The processing is being done by the tooling of that project. I tried (and succeeded) in feeding it an object file using --emit=obj, though the name is unpredictable and I'm not exactly sure it contains everything the tooling expects in non-trivial case. For .so I'm getting the following error:

error: cannot produce cdylib for example-hello-world v0.1.0 (polkavm/guest-programs/example-hello-world) as the target riscv32emac-unknown-none-polkavm does not support these crate types

Makes some sense, I suppose, as it doesn't have a loader that could resolve any imports, but that's also technically true for binaries.

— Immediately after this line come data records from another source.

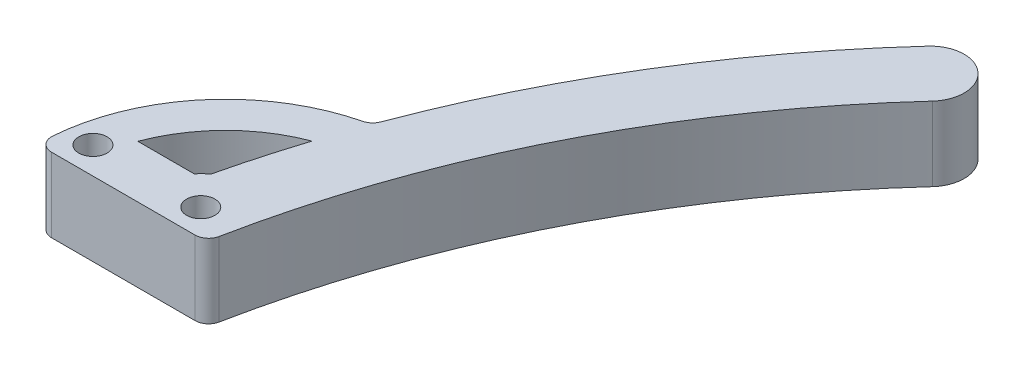
SolidWorks part; units mm, degrees
ref_plane "Front" through (0, 0, 0) normal (0, 0, 1) x (1, 0, 0)
ref_plane "Top" through (0, 0, 0) normal (0, 1, 0) x (1, 0, 0)
ref_plane "Right" through (0, 0, 0) normal (1, 0, 0) x (0, 0, -1)
sketch "Sketch1" plane through (0, 0, 0) normal (0, 1, 0) x (1, 0, 0)
  line L0 (-162.2427, 34.7972) -> (-153.8706, 34.7972)
  line L8 (-169.3167, 27) -> (-144.2855, 27)
  circle A18 centre (-149.1011, 31) radius 2.1
  circle A19 centre (-165.1011, 31) radius 2.1
  arc A25 (-147.0896, 54.2932) -> (-169.3167, 27) centre (-141.4461, 27) ccw
  arc A26 (-149.3386, 47.7607) -> (-162.2427, 34.7972) centre (-141.4461, 27) ccw
  arc A28 (-152.6035, 35.99) -> (-153.8706, 34.7972) centre (-149.1011, 31) ccw
  arc A33 (-108.4373, 98.9376) -> (-115.8245, 105.6777) centre (-112.1309, 102.3077) ccw
  arc A34 (-108.4373, 98.9376) -> (-144.2855, 27) centre (0, 0) ccw
  arc A35 (-115.8245, 105.6777) -> (-147.0896, 54.2932) centre (0, 0) ccw
  arc A36 (-149.3386, 47.7607) -> (-152.6035, 35.99) centre (0, 0) ccw
extrude "Boss-Extrude1" add sketch "Sketch1" along normal blind 11
fillet "Fillet1" radius 2 3 edges at (-147.0896, 5.5, -54.2932) (-169.3167, 5.5, -27) (-144.2855, 5.5, -27)

I have not found a way to build the binary, but I did find a way to what I need to do with an extra step of linking the static library:

ld -relocatable \
    --whole-archive libexample_hello_world.a \
    -o libexample_hello_world.o

This produced an object file that turned out to contain everything that the tooling I was feeding it into afterwards expected, all without #[no_main].

The only difficulty is that since my target is riscv64, I had to install cross-compilation tooling and use riscv64-linux-gnu-ld, I wish there was a way to ask rustc to produce the same object file or link a few files for me on request instead.

The drawback here is that both .a and .o files include a bunch of useless compiler built-ins, which contributes ~4M for 32-bit build and ~6M to 64-bit build. Executable doesn't have that and is measured in tens of kilobytes in size instead.